In some cases (e.g. navigating the UI, or generating alerts with the benchalerts library), Conbench will provide the user with a sensible baseline commit. See the docs for the reasoning about this.

  • If the contender is on a PR branch, the sensible baseline commit is the point at which the PR branch forked from the default branch.

  • If the contender is on the default branch, the sensible baseline commit is the parent commit.

  • If the contender is not associated with the git graph for some reason, the sensible baseline commit is the latest commit on the default branch that has benchmark results.

If there are no matching results on the baseline commit, that’s alright - the analysis will still include matching results from the git history. If there are multiple results on the baseline commit (from different runs, etc.), all of them will be used.

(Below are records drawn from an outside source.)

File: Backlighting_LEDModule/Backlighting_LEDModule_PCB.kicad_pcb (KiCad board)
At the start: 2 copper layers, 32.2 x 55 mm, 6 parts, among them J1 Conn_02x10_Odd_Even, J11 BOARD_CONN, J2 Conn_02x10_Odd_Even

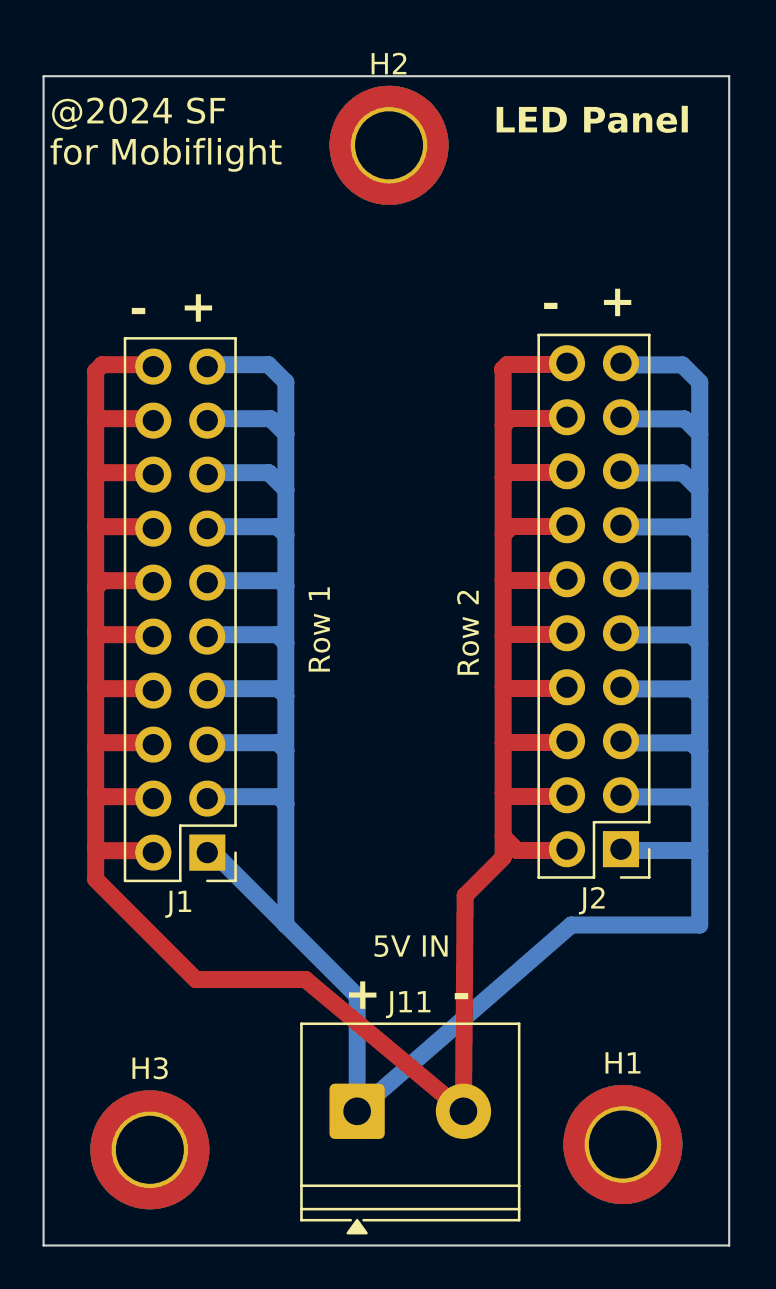
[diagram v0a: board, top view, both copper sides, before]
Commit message: Update the last three boards from the library
Aggiornati i footprint di LEDModule, Korry grande e Korry piccolo, come era
gia' stato fatto sul dimmer. Le quattordici lib_footprint_mismatch che
restavano sono chiuse.

Le serigrafie hanno retto anche qui: 220, 91, BK_LED e BTN+LED sono ancora
su F.Silk su tutti e due i Korry, e tutte le scritte libere sono al loro
posto. Piste e posizioni dei componenti invariate: 128, 28 e 28 tratti,
stessi estremi e stesse larghezze.

L'aggiornamento ha allargato di poco il contorno di J2 sul Korry piccolo, e
la scritta '+5' arrivava a 0.09 mm da esso. A sinistra non poteva andare,
perche' partiva gia' 0.15 mm fuori dal bordo scheda: e' diventata '+', e per
coerenza la 'L' dell'altro piolo e' diventata '-'. Ora quel connettore e'
marcato come quello del Korry grande e come le file del LEDModule.

Nota per la prossima volta: il font a tratti di KiCad avanza circa 1.0 em
per carattere, non 0.72 come stimava il mio controllo. Per questo un paio di
scritte che avevo dato per libere sono poi state prese dal DRC.

Co-Authored-By: Claude Opus 5 <noreply@anthropic.com>
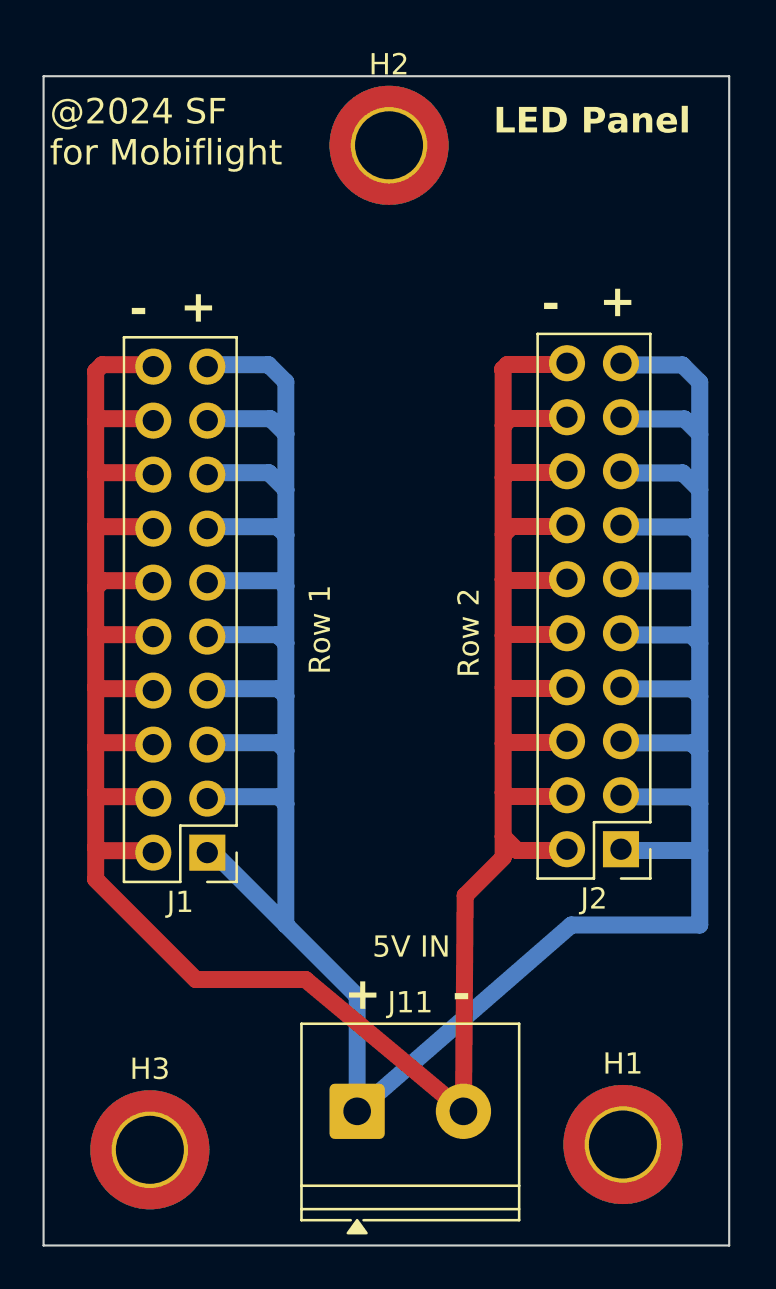
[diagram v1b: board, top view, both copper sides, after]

Manually curating the distribution

Even after controlling for contextual variables, sometimes in a project’s history there is an actual performance improvement or regression because of a code change. It is important to flag these changes to the server, so that the server doesn’t mix data from before the change with data from after the change, causing artificially-inflated variance that causes false negatives in the lookback z-score analysis. To do so:

Ensure you have an account for the Conbench instance. Log in to your account in the webapp via the Login button in the top right. Navigate to a benchmark result page with a plot that indicates a shift in the “true” benchmark mean.

weird plot

Notice the shift in mean in mid-January, and how the boundaries blow up afterwards.

Click on the first benchmark result AFTER this visual shift, and follow the link that pops up to go to its page. Since you are logged in, you should see the button that allows you to mark this distribution change.

plot with button

Upon clicking the button, the change will permanently be stored in the database. Other users will be able to see this change as well, but you can revert the change by clicking the button again.

clicked button

Notice how the ±5 standard-deviation boundaries have changed! The plot now knows that the data after the distribution change should have a different mean than before the distribution change, and so the algorithm works slightly differently.

Creating the z-score

To create a z-score, Conbench must calculate the mean and standard deviation of the historic result distribution. Before doing so, outliers are automatically excluded from the distribution. Documentation on this process is coming soon.

After outliers are excluded, the remaining data is sorted by commit timestamp. For each benchmark result, Conbench uses the “best” value of all the result’s repetitions. For example, the minimum value will be chosen for units like seconds, and the maximum value will be chosen for units like bytes per second. Then:

  • the rolling mean of the best values is calculated (with the window boundaries as described above)

  • the residual of each result’s best value from the rolling mean is calculated

  • the standard deviation of the residuals is calculated, using Bessel’s correction

Then the z-score is the difference of the distribution’s mean from the contender result’s best value, divided by the standard deviation of the residuals. The sign is modified depending on the unit, such that a positive z-score indicates a performance improvement and a negative z-score indicates a performance regression.

See below for details of why the standard deviation of the residuals is used.

How curating the data affects the algorithm

When calculating the rolling mean, Conbench respects each annotated distribution change. That is, the center of the distribution will completely be reset each time you annotate a change.

However, Conbench makes the assumption that the “spread” of the data will not change much before and after an annotated change. This assumption is not very risky, and provides the benefit that Conbench can immediately estimate the center and spread of the new distribution upon only one new value’s arrival. This results in fewer false positives in the time period after a distribution change.

This is also the reason why Conbench takes the standard deviation of the residuals of the data from the rolling mean, instead of the raw data itself: we assume the residuals will have a similar spread before and after each change (and mathematically, their spread is equal to the spread of the raw data).

See discussion at conbench#473.